The Damned (Italian: La caduta degli dei [literally, "The Fall of the Gods"], German: Die Verdammten (Götterdämmerung)) is a 1969 film by Luchino Visconti.

The Damned has often been regarded as the first of Visconti's films described as 'The German Trilogy'. The others are Death in Venice (1971) and Ludwig (1973). Henry Bacon (1998) specifically categorizes these films together under a chapter 'Visconti & Germany'. Visconti's earlier films had analysed Italian society during the Risorgimento and postwar periods. Peter Bondanella's Italian Cinema (2002) depicts the trilogy as a move to take a broader view of European politics and culture. Stylistically, "they emphasise lavish sets and costumes, sensuous lighting, painstakingly slow camerawork, and a penchant for imagery reflecting subjective states or symbolic values," comments Bondanella.

Plot

The film centers around the Essenbecks, a wealthy industrialist family who have begun doing business with the Nazi Party. On the night of the Reichstag fire, the family's conservative patriarch, Baron Joachim von Essenbeck, who represents the old aristocratic Germany and detests Hitler, is murdered. Herbert Thallmann, the family firm's vice president who openly opposes the Nazis, is framed for the crime. He escapes the grasp of the Gestapo, but his wife Elizabeth (Charlotte Rampling) and their children are sent to Dachau concentration camp in an effort to lure him to return. The empire passes to the control of an unscrupulous relative, the boorish SA officer Konstantin (René Koldehoff). Waiting in the wings is his son Günther (Renaud Verley), a sensitive and troubled student, and his nephew, Martin (Helmut Berger), an amoral playboy who is secretly molesting his young cousin as well as a poor Jewish girl. He is dominated by his possessive mother, Sophie (Ingrid Thulin), the widow of Baron Joachim's only son, a fallen World War I hero. Martin's drag performance as Marlene Dietrich in The Blue Angel, at his grandfather's birthday celebration, notorious at the time of the film's release, has since become an iconic image in cinema history.
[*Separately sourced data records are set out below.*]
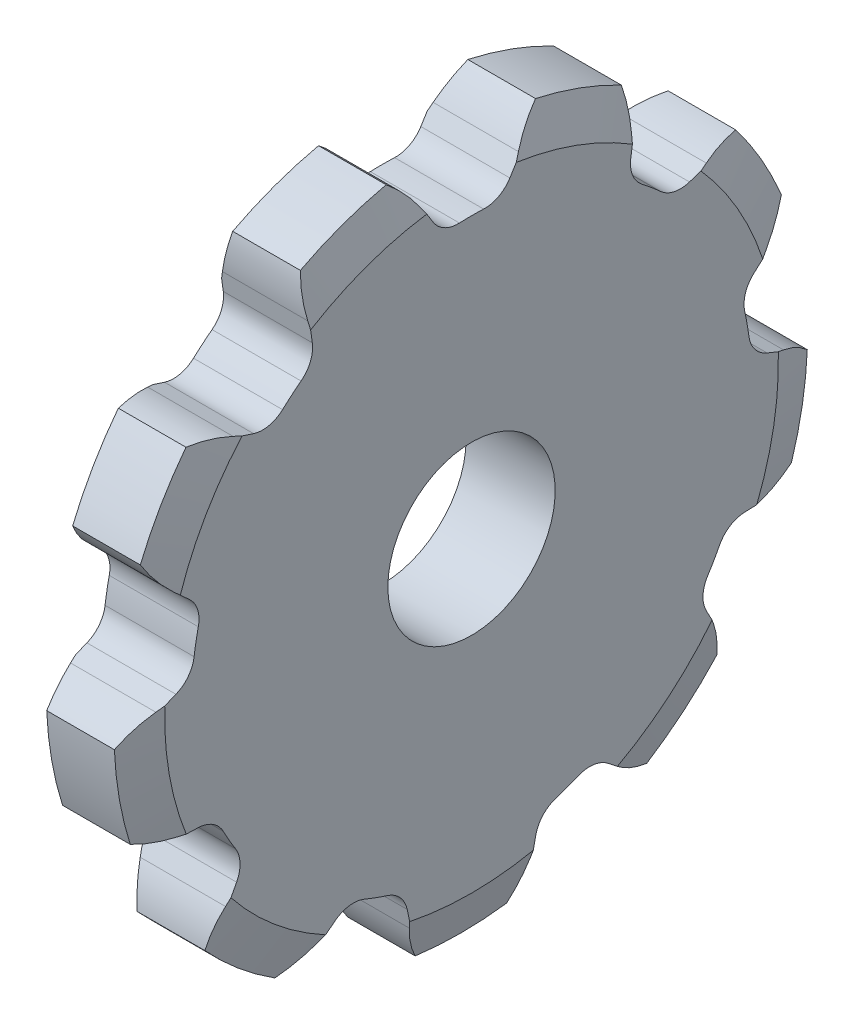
from build123d import *

# Parameters (mm, degrees)
TOOTHCUT_DEPTH  = 152.293123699
TEETHCUTS_COUNT = 9
TEETHCUTS_ANGLE = 320
BORSKE_R        = 25.4
BORE_DEPTH      = 76.2000508


with BuildPart() as part:
    # BasProSke → Base-Revolve (revolve)
    with BuildSketch(Plane(origin=(0, 0, 0), x_dir=(1, 0, 0), z_dir=(0, 1, 0)), mode=Mode.PRIVATE) as base_revolve_sk:
        Polygon((0, 0), (0, 93.156431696), (3.243072, 105.259741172), (23.782528, 105.259741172), (27.0256, 93.156431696), (27.0256, 0), align=None)
    revolve(base_revolve_sk.sketch.rotate(Axis((-10, 0, 0), (1, 0, 0)), 180), axis=Axis((-10, 0, 0), (1, 0, 0)))

    # TooCutSke → ToothCut (cut, through all)
    with BuildSketch(Plane(origin=(0, 0, 0), x_dir=(0, 0, -1), z_dir=(1, 0, 0))):
        with BuildLine():
            Line((-11.639118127, 89.055413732), (-14.799648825, 94.113320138))
            ThreePointArc((-14.799648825, 94.113320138), (-25.527429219, 104.770164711), (-39.873178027, 109.550656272))
            Line((-39.873178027, 109.550656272), (-44.216833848, 121.484752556))
            ThreePointArc((-44.216833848, 121.484752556), (0, 129.281373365), (44.216833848, 121.484752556))
            Line((44.216833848, 121.484752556), (39.873178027, 109.550656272))
            ThreePointArc((39.873178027, 109.550656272), (25.527429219, 104.770164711), (14.799648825, 94.113320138))
            Line((14.799648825, 94.113320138), (11.639118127, 89.055413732))
            ThreePointArc((11.639118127, 89.055413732), (8.221464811, 85.88166506), (3.670530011, 84.860867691))
            ThreePointArc((3.670530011, 84.860867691), (0, 84.940212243), (-3.670530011, 84.860867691))
            ThreePointArc((-3.670530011, 84.860867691), (-8.221464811, 85.88166506), (-11.639118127, 89.055413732))
        make_face()
    toothcut = extrude(amount=TOOTHCUT_DEPTH, mode=Mode.SUBTRACT)

    # TeethCuts: ToothCut ×9 about axis
    teethcuts_axis = Axis((-10, 0, 0), (1, 0, 0))
    for i in range(1, TEETHCUTS_COUNT):
        add(toothcut.rotate(teethcuts_axis, i * TEETHCUTS_ANGLE / (TEETHCUTS_COUNT - 1)), mode=Mode.SUBTRACT)

    # BorSke → Bore (cut, symmetric)
    with BuildSketch(Plane(origin=(0, 0, 0), x_dir=(0, 0, -1), z_dir=(1, 0, 0))):
        with Locations(Location((0, 0, 0), (0, 0, 180))):
            Circle(BORSKE_R)
    extrude(amount=BORE_DEPTH, both=True, mode=Mode.SUBTRACT)


solid = part.part
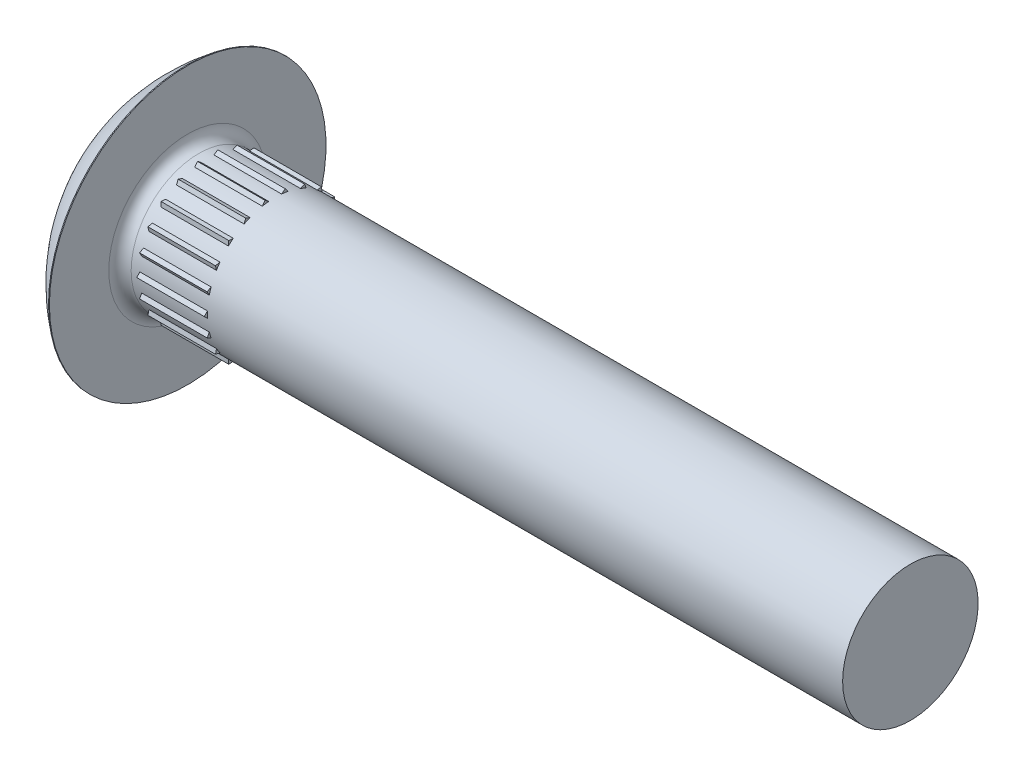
ISO-10303-21;
HEADER;
FILE_DESCRIPTION(('STEP AP214'),'2;1');
FILE_NAME('part.step','',(''),(''),'','','');
FILE_SCHEMA(('AUTOMOTIVE_DESIGN { 1 0 10303 214 1 1 1 1 }'));
ENDSEC;
DATA;
#1=APPLICATION_CONTEXT('core data for automotive mechanical design processes');
#2=APPLICATION_PROTOCOL_DEFINITION('international standard','automotive_design',2000,#1);
#3=PRODUCT_CONTEXT('',#1,'mechanical');
#4=PRODUCT('Part','Part','',(#3));
#5=PRODUCT_RELATED_PRODUCT_CATEGORY('part','',(#4));
#6=PRODUCT_DEFINITION_FORMATION('','',#4);
#7=PRODUCT_DEFINITION_CONTEXT('part definition',#1,'design');
#8=PRODUCT_DEFINITION('design','',#6,#7);
#9=PRODUCT_DEFINITION_SHAPE('','',#8);
#10=(LENGTH_UNIT() NAMED_UNIT(*) SI_UNIT(.MILLI.,.METRE.));
#11=(NAMED_UNIT(*) PLANE_ANGLE_UNIT() SI_UNIT($,.RADIAN.));
#12=(NAMED_UNIT(*) SI_UNIT($,.STERADIAN.) SOLID_ANGLE_UNIT());
#13=UNCERTAINTY_MEASURE_WITH_UNIT(LENGTH_MEASURE(1.E-05),#10,'distance_accuracy_value','');
#14=(GEOMETRIC_REPRESENTATION_CONTEXT(3) GLOBAL_UNCERTAINTY_ASSIGNED_CONTEXT((#13)) GLOBAL_UNIT_ASSIGNED_CONTEXT((#10,
#11,#12)) REPRESENTATION_CONTEXT('',''));
#15=CARTESIAN_POINT('',(0.,0.,0.));
#16=DIRECTION('',(0.,0.,1.));
#17=DIRECTION('',(1.,0.,0.));
#18=AXIS2_PLACEMENT_3D('',#15,#16,#17);
#19=CARTESIAN_POINT('',(0.,0.,0.));
#20=DIRECTION('',(-1.,0.,0.));
#21=DIRECTION('',(0.,0.,1.));
#22=AXIS2_PLACEMENT_3D('',#19,#20,#21);
#23=CYLINDRICAL_SURFACE('',#22,9.525);
#24=CARTESIAN_POINT('',(111.5314,0.,0.));
#25=DIRECTION('',(-1.,0.,0.));
#26=DIRECTION('',(0.,0.,1.));
#27=AXIS2_PLACEMENT_3D('',#24,#25,#26);
#28=CIRCLE('',#27,9.525);
#29=CARTESIAN_POINT('',(111.5314,0.,9.525));
#30=VERTEX_POINT('',#29);
#31=EDGE_CURVE('E1045',#30,#30,#28,.T.);
#32=ORIENTED_EDGE('',*,*,#31,.T.);
#33=EDGE_LOOP('',(#32));
#34=FACE_BOUND('',#33,.T.);
#35=CARTESIAN_POINT('',(11.5062,0.,0.));
#36=DIRECTION('',(-1.,0.,0.));
#37=DIRECTION('',(0.,0.,1.));
#38=AXIS2_PLACEMENT_3D('',#35,#36,#37);
#39=CIRCLE('',#38,9.525);
#40=CARTESIAN_POINT('',(11.5062,0.,9.525));
#41=VERTEX_POINT('',#40);
#42=EDGE_CURVE('E1040',#41,#41,#39,.T.);
#43=ORIENTED_EDGE('',*,*,#42,.F.);
#44=EDGE_LOOP('',(#43));
#45=FACE_BOUND('',#44,.T.);
#46=DIRECTION('',(-1.,0.,0.));
#47=VECTOR('',#46,1.);
#48=CARTESIAN_POINT('',(32.2360168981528,-0.455392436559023,9.51410756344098));
#49=LINE('',#48,#47);
#50=CARTESIAN_POINT('',(22.225,-0.455392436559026,9.51410756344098));
#51=VERTEX_POINT('',#50);
#52=CARTESIAN_POINT('',(12.7254,-0.455392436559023,9.51410756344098));
#53=VERTEX_POINT('',#52);
#54=EDGE_CURVE('E1008',#51,#53,#49,.T.);
#55=ORIENTED_EDGE('',*,*,#54,.T.);
#56=CARTESIAN_POINT('',(12.7254,0.,0.));
#57=DIRECTION('',(1.,0.,0.));
#58=DIRECTION('',(0.,0.,-1.));
#59=AXIS2_PLACEMENT_3D('',#56,#57,#58);
#60=CIRCLE('',#59,9.525);
#61=CARTESIAN_POINT('',(12.7254,0.455392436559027,9.51410756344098));
#62=VERTEX_POINT('',#61);
#63=EDGE_CURVE('E1052',#53,#62,#60,.F.);
#64=ORIENTED_EDGE('',*,*,#63,.T.);
#65=DIRECTION('',(-1.,0.,0.));
#66=VECTOR('',#65,1.);
#67=CARTESIAN_POINT('',(32.2360168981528,0.455392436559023,9.51410756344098));
#68=LINE('',#67,#66);
#69=CARTESIAN_POINT('',(22.225,0.455392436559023,9.51410756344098));
#70=VERTEX_POINT('',#69);
#71=EDGE_CURVE('E988',#70,#62,#68,.T.);
#72=ORIENTED_EDGE('',*,*,#71,.F.);
#73=CARTESIAN_POINT('',(22.225,0.,0.));
#74=DIRECTION('',(1.,0.,0.));
#75=DIRECTION('',(0.,0.,-1.));
#76=AXIS2_PLACEMENT_3D('',#73,#74,#75);
#77=CIRCLE('',#76,9.525);
#78=EDGE_CURVE('E1050',#51,#70,#77,.F.);
#79=ORIENTED_EDGE('',*,*,#78,.F.);
#80=EDGE_LOOP('',(#55,#64,#72,#79));
#81=FACE_BOUND('',#80,.T.);
#82=DIRECTION('',(-1.,0.,0.));
#83=VECTOR('',#82,1.);
#84=CARTESIAN_POINT('',(32.2858154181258,-3.11737969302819,9.00042048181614));
#85=LINE('',#84,#83);
#86=CARTESIAN_POINT('',(22.225,-3.11737969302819,9.00042048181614));
#87=VERTEX_POINT('',#86);
#88=CARTESIAN_POINT('',(12.7254,-3.11737969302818,9.00042048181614));
#89=VERTEX_POINT('',#88);
#90=EDGE_CURVE('E978',#87,#89,#85,.T.);
#91=ORIENTED_EDGE('',*,*,#90,.T.);
#92=CARTESIAN_POINT('',(12.7254,0.,0.));
#93=DIRECTION('',(1.,0.,0.));
#94=DIRECTION('',(0.,0.,-1.));
#95=AXIS2_PLACEMENT_3D('',#92,#93,#94);
#96=CIRCLE('',#95,9.525);
#97=CARTESIAN_POINT('',(12.7254,-2.24348800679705,9.25701823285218));
#98=VERTEX_POINT('',#97);
#99=EDGE_CURVE('E1057',#89,#98,#96,.F.);
#100=ORIENTED_EDGE('',*,*,#99,.T.);
#101=DIRECTION('',(-1.,0.,0.));
#102=VECTOR('',#101,1.);
#103=CARTESIAN_POINT('',(32.2858154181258,-2.24348800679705,9.25701823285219));
#104=LINE('',#103,#102);
#105=CARTESIAN_POINT('',(22.225,-2.24348800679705,9.25701823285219));
#106=VERTEX_POINT('',#105);
#107=EDGE_CURVE('E966',#106,#98,#104,.T.);
#108=ORIENTED_EDGE('',*,*,#107,.F.);
#109=CARTESIAN_POINT('',(22.225,0.,0.));
#110=DIRECTION('',(1.,0.,0.));
#111=DIRECTION('',(0.,0.,-1.));
#112=AXIS2_PLACEMENT_3D('',#109,#110,#111);
#113=CIRCLE('',#112,9.525);
#114=EDGE_CURVE('E1054',#87,#106,#113,.F.);
#115=ORIENTED_EDGE('',*,*,#114,.F.);
#116=EDGE_LOOP('',(#91,#100,#108,#115));
#117=FACE_BOUND('',#116,.T.);
#118=DIRECTION('',(-1.,0.,0.));
#119=VECTOR('',#118,1.);
#120=CARTESIAN_POINT('',(32.2691722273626,-5.5268153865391,7.75757286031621));
#121=LINE('',#120,#119);
#122=CARTESIAN_POINT('',(22.225,-5.5268153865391,7.75757286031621));
#123=VERTEX_POINT('',#122);
#124=CARTESIAN_POINT('',(12.7254,-5.5268153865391,7.75757286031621));
#125=VERTEX_POINT('',#124);
#126=EDGE_CURVE('E947',#123,#125,#121,.T.);
#127=ORIENTED_EDGE('',*,*,#126,.T.);
#128=CARTESIAN_POINT('',(12.7254,0.,0.));
#129=DIRECTION('',(1.,0.,0.));
#130=DIRECTION('',(0.,0.,-1.));
#131=AXIS2_PLACEMENT_3D('',#128,#129,#130);
#132=CIRCLE('',#131,9.525);
#133=CARTESIAN_POINT('',(12.7254,-4.76061439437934,8.24998033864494));
#134=VERTEX_POINT('',#133);
#135=EDGE_CURVE('E1063',#125,#134,#132,.F.);
#136=ORIENTED_EDGE('',*,*,#135,.T.);
#137=DIRECTION('',(-1.,0.,0.));
#138=VECTOR('',#137,1.);
#139=CARTESIAN_POINT('',(32.2691722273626,-4.76061439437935,8.24998033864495));
#140=LINE('',#139,#138);
#141=CARTESIAN_POINT('',(22.225,-4.76061439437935,8.24998033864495));
#142=VERTEX_POINT('',#141);
#143=EDGE_CURVE('E937',#142,#134,#140,.T.);
#144=ORIENTED_EDGE('',*,*,#143,.F.);
#145=CARTESIAN_POINT('',(22.225,0.,0.));
#146=DIRECTION('',(1.,0.,0.));
#147=DIRECTION('',(0.,0.,-1.));
#148=AXIS2_PLACEMENT_3D('',#145,#146,#147);
#149=CIRCLE('',#148,9.525);
#150=EDGE_CURVE('E1062',#123,#142,#149,.F.);
#151=ORIENTED_EDGE('',*,*,#150,.F.);
#152=EDGE_LOOP('',(#127,#136,#144,#151));
#153=FACE_BOUND('',#152,.T.);
#154=DIRECTION('',(-1.,0.,0.));
#155=VECTOR('',#154,1.);
#156=CARTESIAN_POINT('',(32.2246472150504,-7.48850136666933,5.8862528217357));
#157=LINE('',#156,#155);
#158=CARTESIAN_POINT('',(22.225,-7.48850136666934,5.8862528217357));
#159=VERTEX_POINT('',#158);
#160=CARTESIAN_POINT('',(12.7254,-7.48850136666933,5.8862528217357));
#161=VERTEX_POINT('',#160);
#162=EDGE_CURVE('E927',#159,#161,#157,.T.);
#163=ORIENTED_EDGE('',*,*,#162,.T.);
#164=CARTESIAN_POINT('',(12.7254,0.,0.));
#165=DIRECTION('',(1.,0.,0.));
#166=DIRECTION('',(0.,0.,-1.));
#167=AXIS2_PLACEMENT_3D('',#164,#165,#166);
#168=CIRCLE('',#167,9.525);
#169=CARTESIAN_POINT('',(12.7254,-6.89206411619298,6.57457810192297));
#170=VERTEX_POINT('',#169);
#171=EDGE_CURVE('E1072',#161,#170,#168,.F.);
#172=ORIENTED_EDGE('',*,*,#171,.T.);
#173=DIRECTION('',(-1.,0.,0.));
#174=VECTOR('',#173,1.);
#175=CARTESIAN_POINT('',(32.2246472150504,-6.89206411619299,6.57457810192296));
#176=LINE('',#175,#174);
#177=CARTESIAN_POINT('',(22.225,-6.89206411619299,6.57457810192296));
#178=VERTEX_POINT('',#177);
#179=EDGE_CURVE('E920',#178,#170,#176,.T.);
#180=ORIENTED_EDGE('',*,*,#179,.F.);
#181=CARTESIAN_POINT('',(22.225,0.,0.));
#182=DIRECTION('',(1.,0.,0.));
#183=DIRECTION('',(0.,0.,-1.));
#184=AXIS2_PLACEMENT_3D('',#181,#182,#183);
#185=CIRCLE('',#184,9.525);
#186=EDGE_CURVE('E1067',#159,#178,#185,.F.);
#187=ORIENTED_EDGE('',*,*,#186,.F.);
#188=EDGE_LOOP('',(#163,#172,#180,#187));
#189=FACE_BOUND('',#188,.T.);
#190=DIRECTION('',(-1.,0.,0.));
#191=VECTOR('',#190,1.);
#192=CARTESIAN_POINT('',(32.2900766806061,-8.84351350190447,3.53806358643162));
#193=LINE('',#192,#191);
#194=CARTESIAN_POINT('',(22.225,-8.84351350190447,3.53806358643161));
#195=VERTEX_POINT('',#194);
#196=CARTESIAN_POINT('',(12.7254,-8.84351350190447,3.53806358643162));
#197=VERTEX_POINT('',#196);
#198=EDGE_CURVE('E897',#195,#197,#193,.T.);
#199=ORIENTED_EDGE('',*,*,#198,.T.);
#200=CARTESIAN_POINT('',(12.7254,0.,0.));
#201=DIRECTION('',(1.,0.,0.));
#202=DIRECTION('',(0.,0.,-1.));
#203=AXIS2_PLACEMENT_3D('',#200,#201,#202);
#204=CIRCLE('',#203,9.525);
#205=CARTESIAN_POINT('',(12.7254,-8.46515979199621,4.3665426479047));
#206=VERTEX_POINT('',#205);
#207=EDGE_CURVE('E1079',#197,#206,#204,.F.);
#208=ORIENTED_EDGE('',*,*,#207,.T.);
#209=DIRECTION('',(-1.,0.,0.));
#210=VECTOR('',#209,1.);
#211=CARTESIAN_POINT('',(32.2900766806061,-8.46515979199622,4.3665426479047));
#212=LINE('',#211,#210);
#213=CARTESIAN_POINT('',(22.225,-8.46515979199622,4.3665426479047));
#214=VERTEX_POINT('',#213);
#215=EDGE_CURVE('E886',#214,#206,#212,.T.);
#216=ORIENTED_EDGE('',*,*,#215,.F.);
#217=CARTESIAN_POINT('',(22.225,0.,0.));
#218=DIRECTION('',(1.,0.,0.));
#219=DIRECTION('',(0.,0.,-1.));
#220=AXIS2_PLACEMENT_3D('',#217,#218,#219);
#221=CIRCLE('',#220,9.525);
#222=EDGE_CURVE('E1074',#195,#214,#221,.F.);
#223=ORIENTED_EDGE('',*,*,#222,.F.);
#224=EDGE_LOOP('',(#199,#208,#216,#223));
#225=FACE_BOUND('',#224,.T.);
#226=DIRECTION('',(-1.,0.,0.));
#227=VECTOR('',#226,1.);
#228=CARTESIAN_POINT('',(32.2567026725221,-9.48207676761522,0.903241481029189));
#229=LINE('',#228,#227);
#230=CARTESIAN_POINT('',(22.225,-9.48207676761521,0.903241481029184));
#231=VERTEX_POINT('',#230);
#232=CARTESIAN_POINT('',(12.7254,-9.48207676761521,0.903241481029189));
#233=VERTEX_POINT('',#232);
#234=EDGE_CURVE('E878',#231,#233,#229,.T.);
#235=ORIENTED_EDGE('',*,*,#234,.T.);
#236=CARTESIAN_POINT('',(12.7254,0.,0.));
#237=DIRECTION('',(1.,0.,0.));
#238=DIRECTION('',(0.,0.,-1.));
#239=AXIS2_PLACEMENT_3D('',#236,#237,#238);
#240=CIRCLE('',#239,9.525);
#241=CARTESIAN_POINT('',(12.7254,-9.35245856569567,1.80475587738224));
#242=VERTEX_POINT('',#241);
#243=EDGE_CURVE('E1086',#233,#242,#240,.F.);
#244=ORIENTED_EDGE('',*,*,#243,.T.);
#245=DIRECTION('',(-1.,0.,0.));
#246=VECTOR('',#245,1.);
#247=CARTESIAN_POINT('',(32.2567026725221,-9.35245856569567,1.80475587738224));
#248=LINE('',#247,#246);
#249=CARTESIAN_POINT('',(22.225,-9.35245856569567,1.80475587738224));
#250=VERTEX_POINT('',#249);
#251=EDGE_CURVE('E861',#250,#242,#248,.T.);
#252=ORIENTED_EDGE('',*,*,#251,.F.);
#253=CARTESIAN_POINT('',(22.225,0.,0.));
#254=DIRECTION('',(1.,0.,0.));
#255=DIRECTION('',(0.,0.,-1.));
#256=AXIS2_PLACEMENT_3D('',#253,#254,#255);
#257=CIRCLE('',#256,9.525);
#258=EDGE_CURVE('E1085',#231,#250,#257,.F.);
#259=ORIENTED_EDGE('',*,*,#258,.F.);
#260=EDGE_LOOP('',(#235,#244,#252,#259));
#261=FACE_BOUND('',#260,.T.);
#262=DIRECTION('',(-1.,0.,0.));
#263=VECTOR('',#262,1.);
#264=CARTESIAN_POINT('',(32.2567026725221,-9.35245856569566,-1.8047558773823));
#265=LINE('',#264,#263);
#266=CARTESIAN_POINT('',(22.225,-9.35245856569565,-1.8047558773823));
#267=VERTEX_POINT('',#266);
#268=CARTESIAN_POINT('',(12.7254,-9.35245856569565,-1.8047558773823));
#269=VERTEX_POINT('',#268);
#270=EDGE_CURVE('E847',#267,#269,#265,.T.);
#271=ORIENTED_EDGE('',*,*,#270,.T.);
#272=CARTESIAN_POINT('',(12.7254,0.,0.));
#273=DIRECTION('',(1.,0.,0.));
#274=DIRECTION('',(0.,0.,-1.));
#275=AXIS2_PLACEMENT_3D('',#272,#273,#274);
#276=CIRCLE('',#275,9.525);
#277=CARTESIAN_POINT('',(12.7254,-9.48207676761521,-0.903241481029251));
#278=VERTEX_POINT('',#277);
#279=EDGE_CURVE('E1092',#269,#278,#276,.F.);
#280=ORIENTED_EDGE('',*,*,#279,.T.);
#281=DIRECTION('',(-1.,0.,0.));
#282=VECTOR('',#281,1.);
#283=CARTESIAN_POINT('',(32.2567026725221,-9.48207676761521,-0.903241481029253));
#284=LINE('',#283,#282);
#285=CARTESIAN_POINT('',(22.225,-9.48207676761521,-0.903241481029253));
#286=VERTEX_POINT('',#285);
#287=EDGE_CURVE('E833',#286,#278,#284,.T.);
#288=ORIENTED_EDGE('',*,*,#287,.F.);
#289=CARTESIAN_POINT('',(22.225,0.,0.));
#290=DIRECTION('',(1.,0.,0.));
#291=DIRECTION('',(0.,0.,-1.));
#292=AXIS2_PLACEMENT_3D('',#289,#290,#291);
#293=CIRCLE('',#292,9.525);
#294=EDGE_CURVE('E1087',#267,#286,#293,.F.);
#295=ORIENTED_EDGE('',*,*,#294,.F.);
#296=EDGE_LOOP('',(#271,#280,#288,#295));
#297=FACE_BOUND('',#296,.T.);
#298=DIRECTION('',(-1.,0.,0.));
#299=VECTOR('',#298,1.);
#300=CARTESIAN_POINT('',(32.2900766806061,-8.46515979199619,-4.36654264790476));
#301=LINE('',#300,#299);
#302=CARTESIAN_POINT('',(22.225,-8.46515979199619,-4.36654264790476));
#303=VERTEX_POINT('',#302);
#304=CARTESIAN_POINT('',(12.7254,-8.46515979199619,-4.36654264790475));
#305=VERTEX_POINT('',#304);
#306=EDGE_CURVE('E822',#303,#305,#301,.T.);
#307=ORIENTED_EDGE('',*,*,#306,.T.);
#308=CARTESIAN_POINT('',(12.7254,0.,0.));
#309=DIRECTION('',(1.,0.,0.));
#310=DIRECTION('',(0.,0.,-1.));
#311=AXIS2_PLACEMENT_3D('',#308,#309,#310);
#312=CIRCLE('',#311,9.525);
#313=CARTESIAN_POINT('',(12.7254,-8.84351350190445,-3.53806358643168));
#314=VERTEX_POINT('',#313);
#315=EDGE_CURVE('E1098',#305,#314,#312,.F.);
#316=ORIENTED_EDGE('',*,*,#315,.T.);
#317=DIRECTION('',(-1.,0.,0.));
#318=VECTOR('',#317,1.);
#319=CARTESIAN_POINT('',(32.2900766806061,-8.84351350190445,-3.53806358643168));
#320=LINE('',#319,#318);
#321=CARTESIAN_POINT('',(22.225,-8.84351350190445,-3.53806358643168));
#322=VERTEX_POINT('',#321);
#323=EDGE_CURVE('E811',#322,#314,#320,.T.);
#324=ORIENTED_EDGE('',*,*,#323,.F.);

Friedrich Bruckmann (Dirk Bogarde), an employee of the family firm and Sophie's lover, ascends in power despite his lowly social status, thanks to the SS officer and family relation Aschenbach (Helmut Griem), who pits family factions against each other to move their steel and munition works into state control. Friedrich kills Konstantin in the SS coup against the SA during its 1934 meeting to deal with its dissatisfaction with Hitler. Known as The Night of the Long Knives, the SA meeting and the subsequent executions of its leaders by the SS is portrayed as homosexual orgy and bloody gangster-style massacre. Aschenbach dismisses Friedrich, who now controls the family fortunes, as a weak social climber and not a loyal Nazi. Aschenbach subsequently makes a deal with the discounted and ignored heir, Martin, to remove Friedrich and his mother (who has mentored and encouraged Friedrich's rise) from control, so that he may get what is owed him. Martin sexually assaults his mother, who subsequently falls into a catatonic state. Now in the SS, he allows Friedrich (who has been decreed the name and title of von Essenbeck) to wed his mother, and then hands them the poison to commit suicide.

This film is a thinly veiled reference to the Krupp family of Germany, whose steel company was based in Essen, Germany.